→ Aim of the exercise
From the first line of the records below, transcribe each line exactly up to and including the one with "(10 alike) : Sum"; pictures stay out.

→ Data supplied
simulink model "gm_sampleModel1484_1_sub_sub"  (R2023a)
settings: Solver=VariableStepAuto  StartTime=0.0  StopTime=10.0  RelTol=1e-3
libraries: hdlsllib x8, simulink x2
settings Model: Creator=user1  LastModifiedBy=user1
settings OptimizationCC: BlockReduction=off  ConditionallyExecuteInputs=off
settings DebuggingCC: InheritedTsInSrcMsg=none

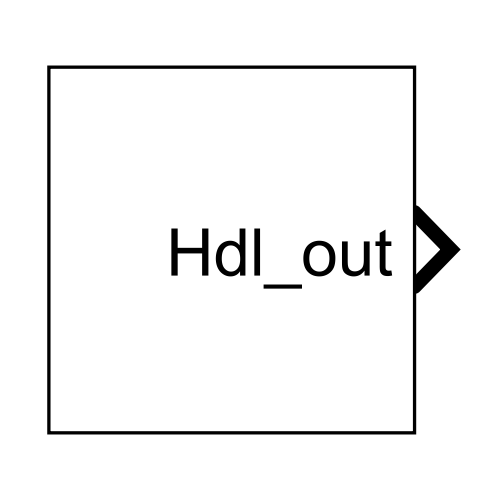
[thumbnail: Simulink's stored preview of the top-level diagram]
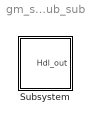
== system gm_sampleModel1484_1_sub_sub ==
  Subsystem : Subsystem

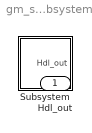
== system gm_sampleModel1484_1_sub_sub/Subsystem ==
  Subsystem : Subsystem
  Hdl_out : Outport  OutDataTypeStr=uint8

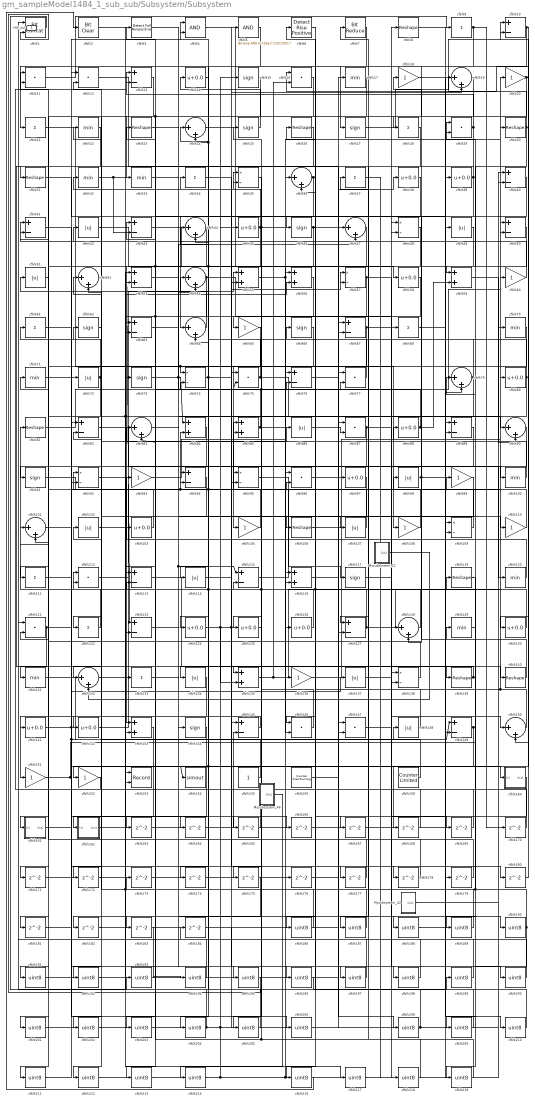
== system gm_sampleModel1484_1_sub_sub/Subsystem/Subsystem ==
  Mysubsystem_22 : Subsystem  TreatAsAtomicUnit=on  RTWFcnName=Mysubsystem_22
      settings: RTWFcnNameOpts=User specified  RTWFileNameOpts=Use function name
  Mysubsystem_42 : Subsystem  TreatAsAtomicUnit=on  RTWFcnName=Mysubsystem_42
      settings: RTWFcnNameOpts=User specified  RTWFileNameOpts=Use function name
  Mysubsystem_46 : Subsystem  TreatAsAtomicUnit=on  RTWFcnName=Mysubsystem_46
      settings: RTWFcnNameOpts=User specified  RTWFileNameOpts=Use function name
  cfblk1 : hdlsllib/Logic and Bit Operations/Bit Concat  numInputs=2
  cfblk{10,13,40..41,43,50,63,67,76,82,89,94,113,115,123,127,145,149} (18 alike) : Sum  Inputs=+-  OutDataTypeStr=uint8
  cfblk{17,22,32..33,70..71,100,120,129,131} (10 alike) : MinMax  OutDataTypeStr=uint8
  cfblk{19,24,36,44,47,52,54,64,79,83,90,101,128,132,150} (15 alike) : Sum  Inputs=|++  OutDataTypeStr=uint8
  cfblk{42,49,51,72,86,98,102,107,114,134,137,148} (12 alike) : Abs  OutDataTypeStr=uint8  SaturateOnIntegerOverflow=off
  cfblk{14,38..39,45,58,80,88,97,103,124..126,130,141..142} (15 alike) : Bias  Bias=0.0  SaturateOnIntegerOverflow=off
  cfblk{18,20,60,65,93,99,105,108,110,136,151..152} (12 alike) : Gain  OutDataTypeStr=uint8
  cfblk{8,23,26,30..31,81,106,119,139..140} (10 alike) : Reshape
  cfblk{35,48,57,74,92,95,109,138} (8 alike) : Product  Inputs=*/  OutDataTypeStr=uint8  RndMeth=Zero  SaturateOnIntegerOverflow=on
  cfblk{11..12,16,29,75,77,87,96,112,121,146..147} (12 alike) : DotProduct  OutDataTypeStr=uint8
  cfblk{9,21,28,34,37,61,68,111,122,133} (10 alike) : Sum  Inputs=+  OutDataTypeStr=uint8
  cfblk{53,55..56,59,84..85,116,135,143} (9 alike) : Sum  OutDataTypeStr=uint8
  cfblk{15,25,27,46,62,66,73,91,117,144} (10 alike) : Signum
  cfblk153 : Record  FileSettingsInternal="{\"entries\":[{\"content\":{\"excelSettings\":{\"content\":{},\"type\":\"Streamout.ExcelSettings\"}},\"type\":\"Streamout.FileSettingStorage\",\"uuid\":\"\"}],\"packageUris\":[\"http:\\/\\/schema.mathworks.com\\/mf0\\/streamout_blocks\\/R2020a\"],\"version\":\"1.0\"}"  Layout=[1 1]  SignalsInternal="{\"entries\":[{\"content\":{\"signals\":[{\"content\":{\"blockPath\":[],\"dimensions\":[1],\"domain\":\"\",\"lineColor\":\"#a2142f\",\"plots\":[1],\"port\":1,\"signalID\":17006,\"signalName\":\"cfblk204\"},\"type\":\"RecordBlkView.Signal\",\"uuid\":\"\"},{\"content\":{\"blockPath\":[],\"dimensions\":[1],\"domain\":\"\",\"lineColor\":\"#139fff\",\"plots\":[1],\"port\":2,\"signalID\":17009,\"signalName\":\"cfblk20\"},\"type\":\"RecordBlkView.Signal\",\"uuid\":\"\"}]},\"type\":\"RecordBlkView.InputSignals\",\"uuid\":\"\"}],\"packageUris\":[\"http:\\/\\/schema.mathworks.com\\/mf0\\/streamout_blocks\\/R2020a\"],\"version\":\"1.0\"}"  VisualizationBindings="{\"xyplotplugin\":{\"info\":[{\"series\":[{\"bindingParametersList\":[{\"parameter\":\"X-Axis\",\"signalID\":17006,\"signalName\":\"cfblk204\"},{\"parameter\":\"Y-Axis\",\"signalID\":17009,\"signalName\":\"cfblk20\"}],\"seriesID\":45599}],\"subplotID\":1}]}}"  CompatibilityTag=XY  st=-1
  cfblk154 : ToWorkspace  VariableName=simout  SaveFormat=Timeseries  SampleTime=-1
  cfblk155 : Constant  OutDataTypeStr=uint8  SampleTime=-1
  cfblk156 : hdlsllib/Sources/Counter Free-Running  NumBits=16  tsamp=-1
  cfblk158 : hdlsllib/Sources/Counter Limited  uplimit=7  tsamp=-1
  cfblk160 : Subsystem
      settings: LibrarySourceBlock=|
      | hdlsllib/Ports &
      | Subsystems/Subsystem
  cfblk161 : Subsystem
      settings: LibrarySourceBlock=|
      | hdlsllib/Ports &
      | Subsystems/Subsystem
  cfblk162 : Subsystem
      settings: LibrarySourceBlock=|
      | hdlsllib/Ports &
      | Subsystems/Subsystem
  cfblk{163..184} (22 alike) : Delay  SampleTime=1
  cfblk{186..206,208..214,216..219} (32 alike) : DataTypeConversion  OutDataTypeStr=uint8  SaturateOnIntegerOverflow=off  RndMeth=Floor
  cfblk2 : simulink/Logic and Bit Operations/Bit Clear  iBit=0
      settings: LibrarySourceBlock=|
      | hdlsllib/Logic and Bit
      | Operations/Bit Clear
  cfblk3 : hdlsllib/Logic and Bit Operations/Detect Fall Nonpositive  vinit=0  OutDataTypeStr=uint8
  cfblk4 : Logic  AllPortsSameDT=off  OutDataTypeStr=boolean
  cfblk5 : simulink/Logic and Bit Operations/Bitwise Operator  logicop=AND  UseBitMask=on  BitMask=bin2dec('11011001')  BitMaskRealWorld=Stored Integer
      settings: LibrarySourceBlock=|
      | hdlsllib/Logic and Bit
      | Operations/Bitwise
      | Operator
  cfblk6 : hdlsllib/Logic and Bit Operations/Detect Rise Positive  vinit=0  OutDataTypeStr=uint8
  cfblk7 : hdlsllib/Logic and Bit Operations/Bit Reduce  mode=AND
  Hdl_out : Outport  OutDataTypeStr=uint8
  wires:
  cfblk122/1 -> cfblk81/1
  cfblk113/1 -> cfblk139/1
  cfblk150/1 -> cfblk26/1, cfblk20/1
  cfblk142/1 -> cfblk55/1
  cfblk131/1 -> cfblk148/1
  cfblk4/1 -> cfblk105/1
  cfblk38/1 -> cfblk64/1
  cfblk103/1 -> cfblk92/1
  cfblk34/1 -> cfblk145/1
  cfblk19/1 -> cfblk203/1, cfblk202/1
  cfblk11/1 -> cfblk9/1
  cfblk5/1 -> cfblk204/1
  cfblk66/1 -> cfblk181/1, cfblk74/1
  cfblk22/1 -> cfblk143/1
  cfblk56/1 -> cfblk65/1
  cfblk21/1 -> cfblk108/1
  cfblk136/1 -> cfblk50/1
  cfblk18/1 -> cfblk152/1
  cfblk116/1 -> cfblk190/1
  cfblk35/1 -> cfblk125/1
  cfblk151/1 -> cfblk94/2, cfblk129/1
  cfblk95/1 -> cfblk117/1
  cfblk46/1 -> cfblk38/1, cfblk133/1
  cfblk42/1 -> cfblk58/1
  cfblk36/1 -> cfblk63/1, cfblk146/1
  cfblk64/1 -> cfblk51/1
  cfblk132/1 -> cfblk86/1
  cfblk29/1 -> cfblk187/1, cfblk13/2
  cfblk152/1 -> cfblk13/1
  cfblk98/1 -> cfblk210/1, cfblk18/1
  cfblk115/1 -> cfblk50/2
  cfblk25/1 -> cfblk14/1
  cfblk13/1 -> cfblk142/1
  cfblk9/1 -> cfblk170/1, cfblk28/1
  cfblk76/1 -> cfblk208/1
  cfblk109/1 -> cfblk85/1
  cfblk100/1 -> cfblk62/1
  cfblk87/1 -> cfblk191/1, cfblk149/2
  cfblk47/1 -> cfblk124/1, cfblk123/1
  cfblk135/1 -> cfblk16/2, cfblk80/1
  cfblk74/1 -> cfblk19/2, cfblk4/1
  cfblk127/1 -> cfblk41/2, cfblk119/1
  cfblk81/1 -> cfblk60/1
  cfblk73/1 -> cfblk47/2, cfblk84/1
  cfblk16/1 -> cfblk33/1
  cfblk50/1 -> cfblk146/2
  cfblk80/1 -> cfblk35/2, cfblk161/1(In1), cfblk123/2
  cfblk86/1 -> cfblk87/2
  cfblk155/1 -> cfblk54/1
  cfblk105/1 -> cfblk83/1, cfblk84/2
  cfblk30/1 -> cfblk59/1, cfblk16/1
  cfblk15/1 -> cfblk73/1
  cfblk134/1 -> cfblk151/1
  cfblk43/1 -> cfblk136/1
  cfblk112/1 -> cfblk54/2
  cfblk110/1 -> cfblk61/1
  cfblk51/1 -> cfblk111/1
  cfblk138/1 -> cfblk71/1
  cfblk90/1 -> cfblk127/1
  cfblk77/1 -> cfblk32/1
  cfblk102/1 -> cfblk85/2
  cfblk65/1 -> cfblk122/1
  cfblk31/1 -> cfblk46/1
  cfblk106/1 -> cfblk88/1
  cfblk75/1 -> cfblk89/2, cfblk34/1
  cfblk10/1 -> cfblk150/2, cfblk21/1
  cfblk27/1 -> cfblk10/1
  cfblk125/1 -> cfblk95/1
  cfblk93/1 -> cfblk56/1
  cfblk20/1 -> cfblk153/2, cfblk130/1
  cfblk67/1 -> cfblk127/2, cfblk68/1
  cfblk84/1 -> cfblk91/1
  cfblk53/1 -> cfblk106/1
  cfblk6/1 -> cfblk186/1
  cfblk107/1 -> cfblk43/1, cfblk74/2
  cfblk32/1 -> cfblk43/2, cfblk140/1
  cfblk62/1 -> cfblk162/1(In1)
  cfblk128/1 -> cfblk112/1
  cfblk7/1 -> cfblk27/1
  cfblk117/1 -> cfblk8/1
  cfblk33/1 -> cfblk90/1
  cfblk57/1 -> cfblk213/1, cfblk100/1
  cfblk12/1 -> cfblk97/1
  cfblk139/1 -> cfblk134/1, cfblk29/1
  cfblk63/1 -> cfblk110/1
  cfblk141/1 -> cfblk165/1, cfblk82/1
  cfblk24/1 -> cfblk109/1
  cfblk149/1 -> cfblk168/1, cfblk99/1
  cfblk45/1 -> cfblk63/2, cfblk12/2, cfblk175/1, cfblk36/1
  cfblk71/1 -> cfblk160/1(In1)
  cfblk121/1 -> cfblk4/2, cfblk131/1
  cfblk146/1 -> cfblk25/1
  cfblk61/1 -> cfblk12/1
  cfblk108/1 -> cfblk24/2, cfblk24/1
  cfblk120/1 -> cfblk93/1
  cfblk59/1 -> cfblk90/2
  cfblk23/1 -> cfblk115/1, cfblk144/1
  cfblk49/1 -> cfblk114/1
  cfblk70/1 -> cfblk132/1
  cfblk89/1 -> cfblk135/1
  cfblk156/1 -> cfblk47/1
  cfblk91/1 -> cfblk98/1
  cfblk37/1 -> cfblk218/1
  cfblk92/1 -> cfblk56/2
  cfblk79/1 -> cfblk107/1, cfblk36/2
  cfblk158/1 -> cfblk82/2
  cfblk60/1 -> cfblk41/1
  cfblk126/1 -> cfblk11/2, cfblk75/2, cfblk35/1
  cfblk130/1 -> cfblk66/1, cfblk94/1, cfblk52/2
  cfblk82/1 -> cfblk120/1
  cfblk145/1 -> cfblk141/1
  cfblk72/1 -> cfblk92/2, cfblk11/1
  cfblk140/1 -> cfblk42/1
  cfblk14/1 -> cfblk174/1, cfblk154/1
  cfblk54/1 -> cfblk138/1, cfblk83/2, cfblk143/2
  cfblk124/1 -> cfblk135/2, cfblk57/2, cfblk138/2
  cfblk44/1 -> cfblk163/1, cfblk101/2
  cfblk58/1 -> cfblk113/1
  cfblk161/1(Out1) -> cfblk137/1, cfblk149/1
  cfblk55/1 -> cfblk67/2, cfblk30/1
  cfblk162/1(Out1) -> cfblk128/1
  cfblk88/1 -> cfblk59/2, cfblk44/2
  cfblk39/1 -> cfblk31/1, cfblk128/2
  cfblk68/1 -> cfblk19/1
  cfblk148/1 -> cfblk7/1
  cfblk97/1 -> cfblk103/1
  cfblk8/1 -> cfblk150/1
  cfblk85/1 -> cfblk23/1, cfblk57/1
  cfblk52/1 -> cfblk22/1
  cfblk163/1 -> cfblk29/2
  cfblk41/1 -> cfblk164/1
  cfblk164/1 -> cfblk145/2
  cfblk165/1 -> cfblk113/2
  cfblk123/1 -> cfblk166/1
  cfblk166/1 -> cfblk89/1
  cfblk99/1 -> cfblk167/1
  cfblk167/1 -> cfblk109/2
  cfblk168/1 -> cfblk112/2
  cfblk137/1 -> cfblk169/1
  cfblk169/1 -> cfblk101/1
  cfblk170/1 -> cfblk52/1
  cfblk28/1 -> cfblk171/1
  cfblk171/1 -> cfblk95/2
  cfblk94/1 -> cfblk172/1
  cfblk172/1 -> cfblk53/2
  cfblk173/1 -> cfblk147/1
  cfblk174/1 -> cfblk55/2
  cfblk176/1 -> cfblk67/1
  cfblk114/1 -> cfblk177/1
  cfblk177/1 -> cfblk77/1
  cfblk111/1 -> cfblk178/1
  cfblk178/1 -> cfblk44/1
  cfblk179/1 -> cfblk121/2
  cfblk83/1 -> cfblk180/1
  cfblk180/1 -> cfblk10/2
  cfblk26/1 -> cfblk182/1
  cfblk182/1 -> cfblk87/1
  cfblk144/1 -> cfblk183/1
  cfblk186/1 -> cfblk53/1, cfblk102/1
  cfblk187/1 -> cfblk6/1
  cfblk3/1 -> cfblk188/1
  cfblk188/1 -> cfblk39/1
  cfblk129/1 -> cfblk189/1
  cfblk189/1 -> cfblk3/1
  cfblk190/1 -> cfblk209/1, cfblk75/1, cfblk79/1
  cfblk191/1 -> cfblk116/1
  cfblk175/1 -> cfblk192/1
  cfblk192/1 -> cfblk116/2
  cfblk1/1 -> cfblk193/1
  cfblk193/1 -> cfblk147/2
  cfblk183/1 -> cfblk194/1
  cfblk194/1 -> cfblk1/1
  cfblk181/1 -> cfblk195/1
  cfblk195/1 -> cfblk1/2
  cfblk184/1 -> cfblk196/1
  cfblk133/1 -> cfblk197/1
  cfblk197/1 -> cfblk184/1
  cfblk96/1 -> cfblk198/1
  cfblk198/1 -> cfblk77/2
  cfblk196/1 -> cfblk199/1
  cfblk199/1 -> cfblk96/1
  cfblk147/1 -> cfblk200/1
  cfblk200/1 -> cfblk96/2
  cfblk17/1 -> cfblk201/1
  cfblk201/1 -> cfblk49/1
  cfblk202/1 -> cfblk17/1
  cfblk203/1 -> cfblk5/1
  cfblk204/1 -> cfblk153/1, cfblk45/1, cfblk176/1
  cfblk40/1 -> cfblk205/1
  cfblk205/1 -> cfblk121/1
  cfblk101/1 -> cfblk206/1
  cfblk206/1 -> cfblk40/1
  cfblk208/1 -> cfblk64/2, cfblk179/1
  cfblk209/1 -> cfblk76/1
  cfblk210/1 -> cfblk76/2
  cfblk48/1 -> cfblk211/1
  cfblk211/1 -> cfblk72/1
  cfblk143/1 -> cfblk212/1
  cfblk212/1 -> cfblk48/1
  cfblk213/1 -> cfblk48/2
  cfblk214/1 -> cfblk15/1, cfblk126/1, cfblk79/2
  cfblk160/1(Out1) -> cfblk216/1
  cfblk216/1 -> cfblk2/1
  cfblk2/1 -> cfblk217/1
  cfblk217/1 -> cfblk70/1
  cfblk218/1 -> cfblk115/2, cfblk173/1
  cfblk119/1 -> cfblk219/1
  cfblk219/1 -> cfblk37/1
  Mysubsystem_22/1(Out1) -> cfblk132/2
  Mysubsystem_42/1(Out1) -> cfblk40/2
  Mysubsystem_46/1(Out1) -> cfblk214/1

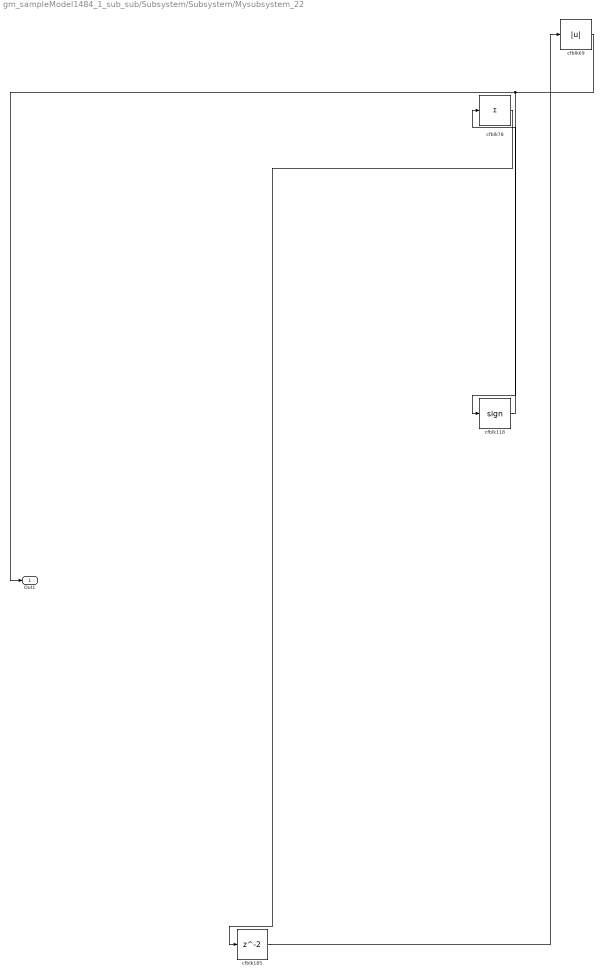
== system gm_sampleModel1484_1_sub_sub/Subsystem/Subsystem/Mysubsystem_22 ==
  cfblk118 : Signum
  cfblk185 : Delay  SampleTime=1
  cfblk69 : Abs  SaturateOnIntegerOverflow=off
  cfblk78 : Sum  Inputs=+
  Out1 : Outport
  wires:
  cfblk78/1 -> cfblk185/1
  cfblk69/1 -> cfblk118/1, Out1/1
  cfblk185/1 -> cfblk69/1
  cfblk118/1 -> cfblk78/1

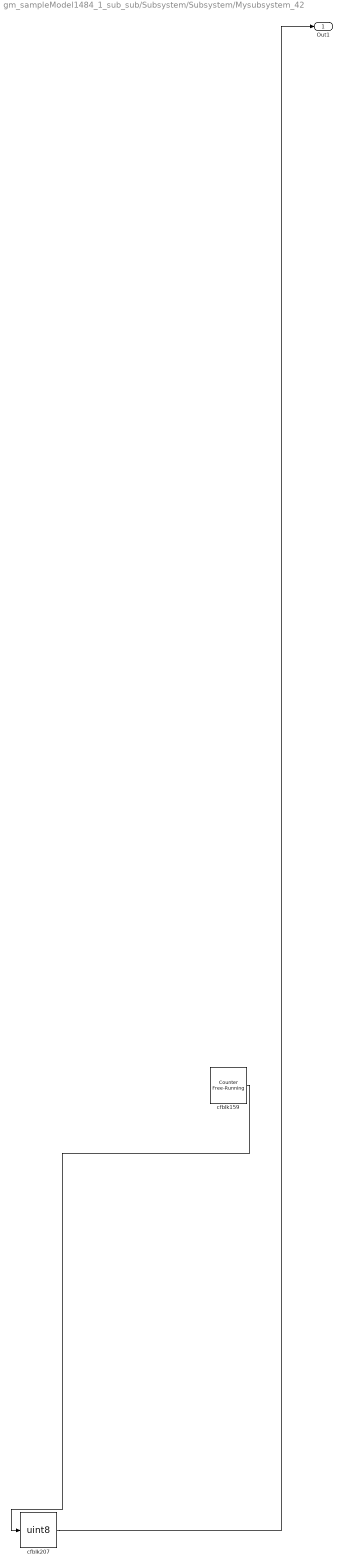
== system gm_sampleModel1484_1_sub_sub/Subsystem/Subsystem/Mysubsystem_42 ==
  cfblk159 : hdlsllib/Sources/Counter Free-Running  NumBits=16  tsamp=-1
  cfblk207 : DataTypeConversion  OutDataTypeStr=uint8  SaturateOnIntegerOverflow=off  RndMeth=Floor
  Out1 : Outport
  wires:
  cfblk207/1 -> Out1/1
  cfblk159/1 -> cfblk207/1

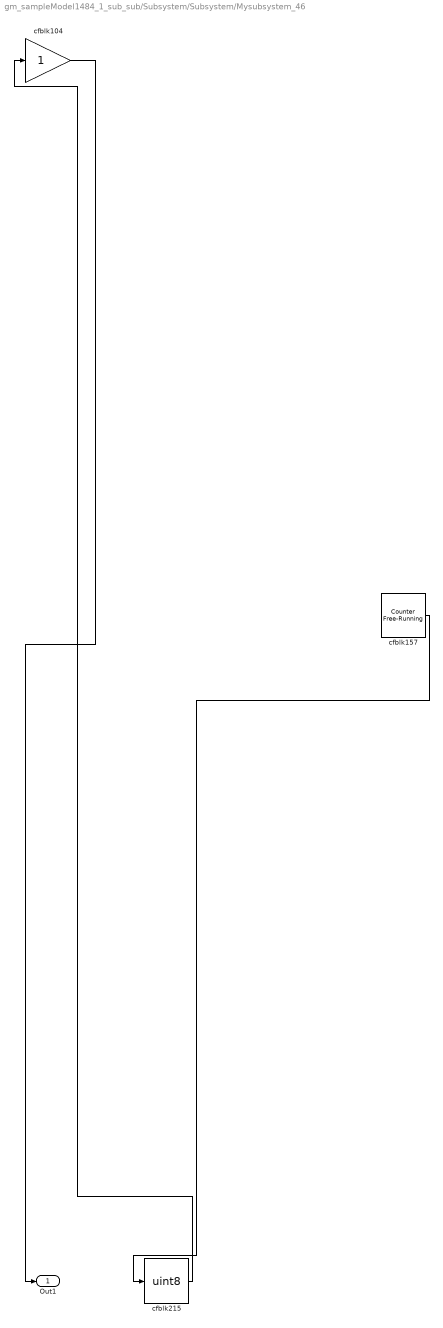
== system gm_sampleModel1484_1_sub_sub/Subsystem/Subsystem/Mysubsystem_46 ==
  cfblk104 : Gain
  cfblk157 : hdlsllib/Sources/Counter Free-Running  NumBits=16  tsamp=-1
  cfblk215 : DataTypeConversion  OutDataTypeStr=uint8  SaturateOnIntegerOverflow=off  RndMeth=Floor
  Out1 : Outport
  wires:
  cfblk215/1 -> cfblk104/1
  cfblk157/1 -> cfblk215/1
  cfblk104/1 -> Out1/1

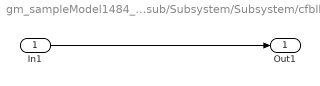
== system gm_sampleModel1484_1_sub_sub/Subsystem/Subsystem/cfblk160 ==
  In1 : Inport
  Out1 : Outport
  wires:
  In1/1 -> Out1/1

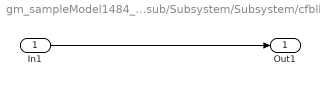
== system gm_sampleModel1484_1_sub_sub/Subsystem/Subsystem/cfblk161 ==
  In1 : Inport
  Out1 : Outport
  wires:
  In1/1 -> Out1/1

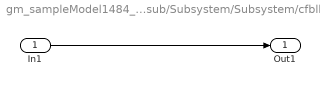
== system gm_sampleModel1484_1_sub_sub/Subsystem/Subsystem/cfblk162 ==
  In1 : Inport
  Out1 : Outport
  wires:
  In1/1 -> Out1/1

→ Written reply
simulink model "gm_sampleModel1484_1_sub_sub"  (R2023a)
settings: Solver=VariableStepAuto  StartTime=0.0  StopTime=10.0  RelTol=1e-3
libraries: hdlsllib x8, simulink x2
settings Model: Creator=user1  LastModifiedBy=user1
settings OptimizationCC: BlockReduction=off  ConditionallyExecuteInputs=off
settings DebuggingCC: InheritedTsInSrcMsg=none

[thumbnail: Simulink's stored preview of the top-level diagram]
== system gm_sampleModel1484_1_sub_sub ==
  Subsystem : Subsystem

== system gm_sampleModel1484_1_sub_sub/Subsystem ==
  Subsystem : Subsystem
  Hdl_out : Outport  OutDataTypeStr=uint8

== system gm_sampleModel1484_1_sub_sub/Subsystem/Subsystem ==
  Mysubsystem_22 : Subsystem  TreatAsAtomicUnit=on  RTWFcnName=Mysubsystem_22
      settings: RTWFcnNameOpts=User specified  RTWFileNameOpts=Use function name
  Mysubsystem_42 : Subsystem  TreatAsAtomicUnit=on  RTWFcnName=Mysubsystem_42
      settings: RTWFcnNameOpts=User specified  RTWFileNameOpts=Use function name
  Mysubsystem_46 : Subsystem  TreatAsAtomicUnit=on  RTWFcnName=Mysubsystem_46
      settings: RTWFcnNameOpts=User specified  RTWFileNameOpts=Use function name
  cfblk1 : hdlsllib/Logic and Bit Operations/Bit Concat  numInputs=2
  cfblk{10,13,40..41,43,50,63,67,76,82,89,94,113,115,123,127,145,149} (18 alike) : Sum  Inputs=+-  OutDataTypeStr=uint8
  cfblk{17,22,32..33,70..71,100,120,129,131} (10 alike) : MinMax  OutDataTypeStr=uint8
  cfblk{19,24,36,44,47,52,54,64,79,83,90,101,128,132,150} (15 alike) : Sum  Inputs=|++  OutDataTypeStr=uint8
  cfblk{42,49,51,72,86,98,102,107,114,134,137,148} (12 alike) : Abs  OutDataTypeStr=uint8  SaturateOnIntegerOverflow=off
  cfblk{14,38..39,45,58,80,88,97,103,124..126,130,141..142} (15 alike) : Bias  Bias=0.0  SaturateOnIntegerOverflow=off
  cfblk{18,20,60,65,93,99,105,108,110,136,151..152} (12 alike) : Gain  OutDataTypeStr=uint8
  cfblk{8,23,26,30..31,81,106,119,139..140} (10 alike) : Reshape
  cfblk{35,48,57,74,92,95,109,138} (8 alike) : Product  Inputs=*/  OutDataTypeStr=uint8  RndMeth=Zero  SaturateOnIntegerOverflow=on
  cfblk{11..12,16,29,75,77,87,96,112,121,146..147} (12 alike) : DotProduct  OutDataTypeStr=uint8
  cfblk{9,21,28,34,37,61,68,111,122,133} (10 alike) : Sum  Inputs=+  OutDataTypeStr=uint8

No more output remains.